EXERCISE DESCRIPTION »
Write out only the opening lines of the entries, through the line with "bra_pre_em = 12".

(Dataset entries)
════════════════════

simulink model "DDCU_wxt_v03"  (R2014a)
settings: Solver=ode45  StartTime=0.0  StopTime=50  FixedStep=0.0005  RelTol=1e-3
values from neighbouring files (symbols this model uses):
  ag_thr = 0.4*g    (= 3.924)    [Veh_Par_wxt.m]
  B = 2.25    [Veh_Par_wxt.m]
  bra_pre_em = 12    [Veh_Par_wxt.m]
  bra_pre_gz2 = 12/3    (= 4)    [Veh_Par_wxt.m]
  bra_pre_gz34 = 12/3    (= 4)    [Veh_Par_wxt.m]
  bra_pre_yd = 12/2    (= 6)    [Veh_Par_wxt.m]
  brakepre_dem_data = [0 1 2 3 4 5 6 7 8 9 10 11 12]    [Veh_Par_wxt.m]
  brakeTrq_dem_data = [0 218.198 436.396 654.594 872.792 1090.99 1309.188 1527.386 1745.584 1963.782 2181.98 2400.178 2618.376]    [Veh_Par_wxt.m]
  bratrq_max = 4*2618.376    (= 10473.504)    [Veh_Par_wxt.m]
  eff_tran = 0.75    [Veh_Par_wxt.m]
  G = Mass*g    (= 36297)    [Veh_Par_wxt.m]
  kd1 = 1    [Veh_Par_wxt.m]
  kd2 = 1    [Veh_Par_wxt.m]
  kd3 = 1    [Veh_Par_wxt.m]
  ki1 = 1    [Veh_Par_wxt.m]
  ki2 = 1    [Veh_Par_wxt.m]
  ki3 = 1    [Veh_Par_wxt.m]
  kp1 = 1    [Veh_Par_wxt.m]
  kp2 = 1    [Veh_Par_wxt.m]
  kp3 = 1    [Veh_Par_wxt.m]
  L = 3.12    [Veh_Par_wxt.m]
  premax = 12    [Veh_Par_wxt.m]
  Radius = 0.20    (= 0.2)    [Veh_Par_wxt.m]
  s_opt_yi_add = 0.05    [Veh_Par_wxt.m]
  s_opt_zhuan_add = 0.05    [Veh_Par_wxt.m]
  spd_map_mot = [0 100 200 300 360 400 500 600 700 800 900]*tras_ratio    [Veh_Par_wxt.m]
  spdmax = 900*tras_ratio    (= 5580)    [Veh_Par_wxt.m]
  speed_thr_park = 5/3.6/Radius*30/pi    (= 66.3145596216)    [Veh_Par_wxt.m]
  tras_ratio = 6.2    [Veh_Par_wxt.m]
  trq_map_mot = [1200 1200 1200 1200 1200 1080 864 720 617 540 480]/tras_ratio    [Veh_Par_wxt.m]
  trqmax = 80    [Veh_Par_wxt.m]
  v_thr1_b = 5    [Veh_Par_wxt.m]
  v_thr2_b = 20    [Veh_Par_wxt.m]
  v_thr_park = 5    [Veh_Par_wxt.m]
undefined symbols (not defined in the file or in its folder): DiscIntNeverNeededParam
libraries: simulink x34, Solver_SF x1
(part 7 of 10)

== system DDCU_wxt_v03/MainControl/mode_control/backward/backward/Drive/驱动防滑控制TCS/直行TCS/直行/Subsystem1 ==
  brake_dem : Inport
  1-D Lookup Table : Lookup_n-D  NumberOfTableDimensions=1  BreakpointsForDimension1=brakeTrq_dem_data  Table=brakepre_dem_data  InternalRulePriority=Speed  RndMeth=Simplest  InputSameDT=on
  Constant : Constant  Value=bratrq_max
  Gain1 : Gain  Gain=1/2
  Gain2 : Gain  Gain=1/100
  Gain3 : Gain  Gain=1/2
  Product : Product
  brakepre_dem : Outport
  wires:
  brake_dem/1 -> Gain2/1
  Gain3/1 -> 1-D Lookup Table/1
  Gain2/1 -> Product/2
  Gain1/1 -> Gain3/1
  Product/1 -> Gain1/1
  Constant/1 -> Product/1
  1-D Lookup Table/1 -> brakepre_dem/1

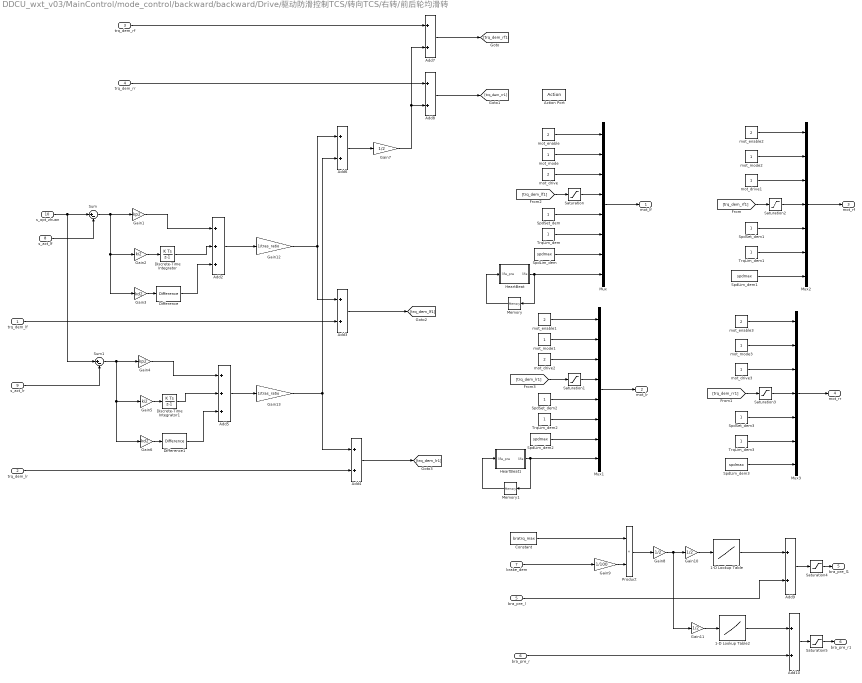
== system DDCU_wxt_v03/MainControl/mode_control/backward/backward/Drive/驱动防滑控制TCS/转向TCS/右转/前后轮均滑转 ==
  trq_dem_lf : Inport
  trq_dem_lr : Inport  Port=2
  trq_dem_rf : Inport  Port=3
  trq_dem_rr : Inport  Port=4
  bra_pre_l : Inport  Port=5
  bra_pre_r : Inport  Port=6
  brake_dem : Inport  Port=7
  s_act_lf : Inport  Port=8
  s_act_lr : Inport  Port=9
  s_opt_zhuan : Inport  Port=10
  Action Port : ActionPort
  1-D Lookup Table : Lookup_n-D  NumberOfTableDimensions=1  BreakpointsForDimension1=brakeTrq_dem_data  Table=brakepre_dem_data  InternalRulePriority=Speed  RndMeth=Simplest  InputSameDT=on
  1-D Lookup Table2 : Lookup_n-D  NumberOfTableDimensions=1  BreakpointsForDimension1=brakeTrq_dem_data  Table=brakepre_dem_data  InternalRulePriority=Speed  RndMeth=Simplest  InputSameDT=on
  Add{3..4,6..10} (7 alike) : Sum
  Add2 : Sum  Inputs=+++
  Add5 : Sum  Inputs=+++
  Constant : Constant  Value=bratrq_max
  Difference : simulink/Discrete/Difference  ICPrevInput=0.0  InputProcessing=Inherited  OutMin=[]  OutMax=[]  OutDataType=fixdt(1, 16)  OutScaling=2^-10  DoSatur=off
  Difference1 : simulink/Discrete/Difference  ICPrevInput=0.0  InputProcessing=Inherited  OutMin=[]  OutMax=[]  OutDataType=fixdt(1, 16)  OutScaling=2^-10  DoSatur=off
  Discrete-Time Integrator : DiscreteIntegrator  SampleTime=-1  ICPrevOutput=DiscIntNeverNeededParam  ICPrevScaledInput=DiscIntNeverNeededParam
  Discrete-Time Integrator1 : DiscreteIntegrator  SampleTime=-1  ICPrevOutput=DiscIntNeverNeededParam  ICPrevScaledInput=DiscIntNeverNeededParam
  Gain1 : Gain  Gain=kp2
  Gain{7..8,10..11} (4 alike) : Gain  Gain=1/2
  Gain12 : Gain  Gain=1/tras_ratio
  Gain13 : Gain  Gain=1/tras_ratio
  Gain2 : Gain  Gain=ki2
  Gain3 : Gain  Gain=kd2
  Gain4 : Gain  Gain=kp2
  Gain5 : Gain  Gain=ki2
  Gain6 : Gain  Gain=kd2
  Gain9 : Gain  Gain=1/100
  HeartBeat : MATLAB Function  TreatAsAtomicUnit=on
  HeartBeat1 : MATLAB Function  TreatAsAtomicUnit=on
  Memory : Memory  InheritSampleTime=on
  Memory1 : Memory  InheritSampleTime=on
  Mux : Mux  Inputs=8
  Mux1 : Mux  Inputs=8
  Mux2 : Mux  Inputs=7
  Mux3 : Mux  Inputs=7
  Product : Product
  Saturation{,1..3} (4 alike) : Saturate  UpperLimit=trqmax  LowerLimit=-trqmax
  Saturation4 : Saturate  UpperLimit=premax  LowerLimit=0
  Saturation5 : Saturate  UpperLimit=premax  LowerLimit=0
  SpdLim_dem{,1..3} (4 alike) : Constant  Value=spdmax
  SpdSet_dem{,1..3} (4 alike) : Constant
  Sum : Sum  Inputs=|+-
  Sum1 : Sum  Inputs=|+-
  TrqLim_dem{,1..3} (4 alike) : Constant
  mot_drive : Constant  Value=2
  mot_drive1 : Constant
  mot_drive2 : Constant  Value=2
  mot_drive3 : Constant
  mot_enable{,1..3} (4 alike) : Constant  Value=2
  mot_mode{,1..3} (4 alike) : Constant
  mot_lf : Outport
  mot_lr : Outport  Port=2
  mot_rf : Outport  Port=3
  mot_rr : Outport  Port=4
  bra_pre_l1 : Outport  Port=5
  bra_pre_r1 : Outport  Port=6
  wires:
  Saturation5/1 -> bra_pre_r1/1
  Saturation4/1 -> bra_pre_l1/1
  Saturation3/1 -> Mux3/4
  Saturation2/1 -> Mux2/4
  Saturation1/1 -> Mux1/4
  Saturation/1 -> Mux/4
  Difference1/1 -> Add5/3
  Discrete-Time Integrator1/1 -> Add5/2
  Difference/1 -> Add2/3
  Discrete-Time Integrator/1 -> Add2/2
  Gain3/1 -> Difference/1
  brake_dem/1 -> Gain9/1
  Add10/1 -> Saturation5/1
  bra_pre_r/1 -> Add10/2
  1-D Lookup Table2/1 -> Add10/1
  Gain11/1 -> 1-D Lookup Table2/1
  Gain10/1 -> 1-D Lookup Table/1
  Gain9/1 -> Product/2
  Gain8/1 -> Gain10/1, Gain11/1
  Product/1 -> Gain8/1
  Constant/1 -> Product/1
  1-D Lookup Table/1 -> Add9/1
  Add9/1 -> Saturation4/1
  bra_pre_l/1 -> Add9/2
  SpdLim_dem3/1 -> Mux3/7
  TrqLim_dem3/1 -> Mux3/6
  Mux3/1 -> mot_rr/1
  SpdSet_dem3/1 -> Mux3/5
  mot_enable3/1 -> Mux3/1
  [trq_dem_rr1] -> Saturation3/1
  mot_mode3/1 -> Mux3/2
  mot_drive3/1 -> Mux3/3
  SpdLim_dem2/1 -> Mux1/7
  Memory1/1 -> HeartBeat1/1(life_pre)
  HeartBeat1/1(life) -> Memory1/1, Mux1/8
  TrqLim_dem2/1 -> Mux1/6
  Mux1/1 -> mot_lr/1
  SpdSet_dem2/1 -> Mux1/5
  mot_enable1/1 -> Mux1/1
  [trq_dem_lr1] -> Saturation1/1
  mot_mode1/1 -> Mux1/2
  mot_drive2/1 -> Mux1/3
  SpdLim_dem1/1 -> Mux2/7
  TrqLim_dem1/1 -> Mux2/6
  Mux2/1 -> mot_rf/1
  SpdSet_dem1/1 -> Mux2/5
  mot_enable2/1 -> Mux2/1
  [trq_dem_rf1] -> Saturation2/1
  mot_mode2/1 -> Mux2/2
  mot_drive1/1 -> Mux2/3
  SpdLim_dem/1 -> Mux/7
  Memory/1 -> HeartBeat/1(life_pre)
  HeartBeat/1(life) -> Memory/1, Mux/8
  TrqLim_dem/1 -> Mux/6
  Mux/1 -> mot_lf/1
  SpdSet_dem/1 -> Mux/5
  mot_enable/1 -> Mux/1
  [trq_dem_lf1] -> Saturation/1
  mot_mode/1 -> Mux/2
  mot_drive/1 -> Mux/3
  s_opt_zhuan/1 -> Sum1/1, Sum/1
  Sum/1 -> Gain2/1, Gain3/1, Gain1/1
  Gain1/1 -> Add2/1
  Gain2/1 -> Discrete-Time Integrator/1
  s_act_lf/1 -> Sum/2
  Add2/1 -> Gain12/1
  trq_dem_lf/1 -> Add3/2
  Add3/1 -> [trq_dem_lf1]
  Add4/1 -> [trq_dem_lr1]
  Sum1/1 -> Gain5/1, Gain6/1, Gain4/1
  Gain4/1 -> Add5/1
  Gain5/1 -> Discrete-Time Integrator1/1
  Gain6/1 -> Difference1/1
  s_act_lr/1 -> Sum1/2
  Add5/1 -> Gain13/1
  trq_dem_lr/1 -> Add4/2
  Add6/1 -> Gain7/1
  trq_dem_rf/1 -> Add7/1
  Gain7/1 -> Add8/2, Add7/2
  Add7/1 -> [trq_dem_rf1]
  trq_dem_rr/1 -> Add8/1
  Add8/1 -> [trq_dem_rr1]
  Gain12/1 -> Add3/1, Add6/1
  Gain13/1 -> Add4/1, Add6/2

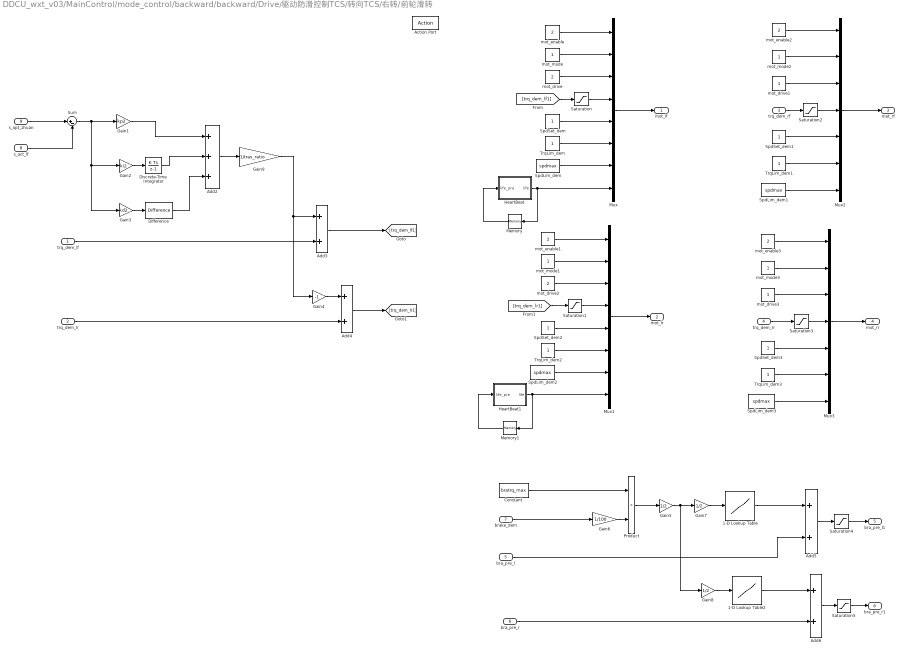
== system DDCU_wxt_v03/MainControl/mode_control/backward/backward/Drive/驱动防滑控制TCS/转向TCS/右转/前轮滑转 ==
  trq_dem_lf : Inport
  trq_dem_lr : Inport  Port=2
  trq_dem_rf : Inport  Port=3
  trq_dem_rr : Inport  Port=4
  bra_pre_l : Inport  Port=5
  bra_pre_r : Inport  Port=6
  brake_dem : Inport  Port=7
  s_act_lf : Inport  Port=8
  s_opt_zhuan : Inport  Port=9
  Action Port : ActionPort
  1-D Lookup Table : Lookup_n-D  NumberOfTableDimensions=1  BreakpointsForDimension1=brakeTrq_dem_data  Table=brakepre_dem_data  InternalRulePriority=Speed  RndMeth=Simplest  InputSameDT=on
  1-D Lookup Table2 : Lookup_n-D  NumberOfTableDimensions=1  BreakpointsForDimension1=brakeTrq_dem_data  Table=brakepre_dem_data  InternalRulePriority=Speed  RndMeth=Simplest  InputSameDT=on
  Add2 : Sum  Inputs=+++
  Add{3..6} (4 alike) : Sum
  Constant : Constant  Value=bratrq_max
  Difference : simulink/Discrete/Difference  ICPrevInput=0.0  InputProcessing=Inherited  OutMin=[]  OutMax=[]  OutDataType=fixdt(1, 16)  OutScaling=2^-10  DoSatur=off
  Discrete-Time Integrator : DiscreteIntegrator  SampleTime=-1  ICPrevOutput=DiscIntNeverNeededParam  ICPrevScaledInput=DiscIntNeverNeededParam
  Gain1 : Gain  Gain=kp2
  Gain2 : Gain  Gain=ki2
  Gain3 : Gain  Gain=kd2
  Gain4 : Gain  Gain=-1
  Gain5 : Gain  Gain=1/2
  Gain6 : Gain  Gain=1/100
  Gain7 : Gain  Gain=1/2
  Gain8 : Gain  Gain=1/2
  Gain9 : Gain  Gain=1/tras_ratio
  HeartBeat : MATLAB Function  TreatAsAtomicUnit=on
  HeartBeat1 : MATLAB Function  TreatAsAtomicUnit=on
  Memory : Memory  InheritSampleTime=on
  Memory1 : Memory  InheritSampleTime=on
  Mux : Mux  Inputs=8
  Mux1 : Mux  Inputs=8
  Mux2 : Mux  Inputs=7
  Mux3 : Mux  Inputs=7
  Product : Product
  Saturation{,1..3} (4 alike) : Saturate  UpperLimit=trqmax  LowerLimit=-trqmax
  Saturation4 : Saturate  UpperLimit=premax  LowerLimit=0
  Saturation5 : Saturate  UpperLimit=premax  LowerLimit=0
  SpdLim_dem{,1..3} (4 alike) : Constant  Value=spdmax
  SpdSet_dem{,1..3} (4 alike) : Constant
  Sum : Sum  Inputs=|+-
  TrqLim_dem{,1..3} (4 alike) : Constant
  mot_drive : Constant  Value=2
  mot_drive1 : Constant
  mot_drive2 : Constant  Value=2
  mot_drive3 : Constant
  mot_enable{,1..3} (4 alike) : Constant  Value=2
  mot_mode{,1..3} (4 alike) : Constant
  mot_lf : Outport
  mot_lr : Outport  Port=2
  mot_rf : Outport  Port=3
  mot_rr : Outport  Port=4
  bra_pre_l1 : Outport  Port=5
  bra_pre_r1 : Outport  Port=6
  wires:
  Saturation5/1 -> bra_pre_r1/1
  Saturation4/1 -> bra_pre_l1/1
  Saturation3/1 -> Mux3/4
  Saturation2/1 -> Mux2/4
  Saturation1/1 -> Mux1/4
  Saturation/1 -> Mux/4
  Difference/1 -> Add2/3
  Discrete-Time Integrator/1 -> Add2/2
  brake_dem/1 -> Gain6/1
  Add6/1 -> Saturation5/1
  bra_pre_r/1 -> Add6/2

════════════════════

SOLUTION »
simulink model "DDCU_wxt_v03"  (R2014a)
settings: Solver=ode45  StartTime=0.0  StopTime=50  FixedStep=0.0005  RelTol=1e-3
values from neighbouring files (symbols this model uses):
  ag_thr = 0.4*g    (= 3.924)    [Veh_Par_wxt.m]
  B = 2.25    [Veh_Par_wxt.m]
  bra_pre_em = 12    [Veh_Par_wxt.m]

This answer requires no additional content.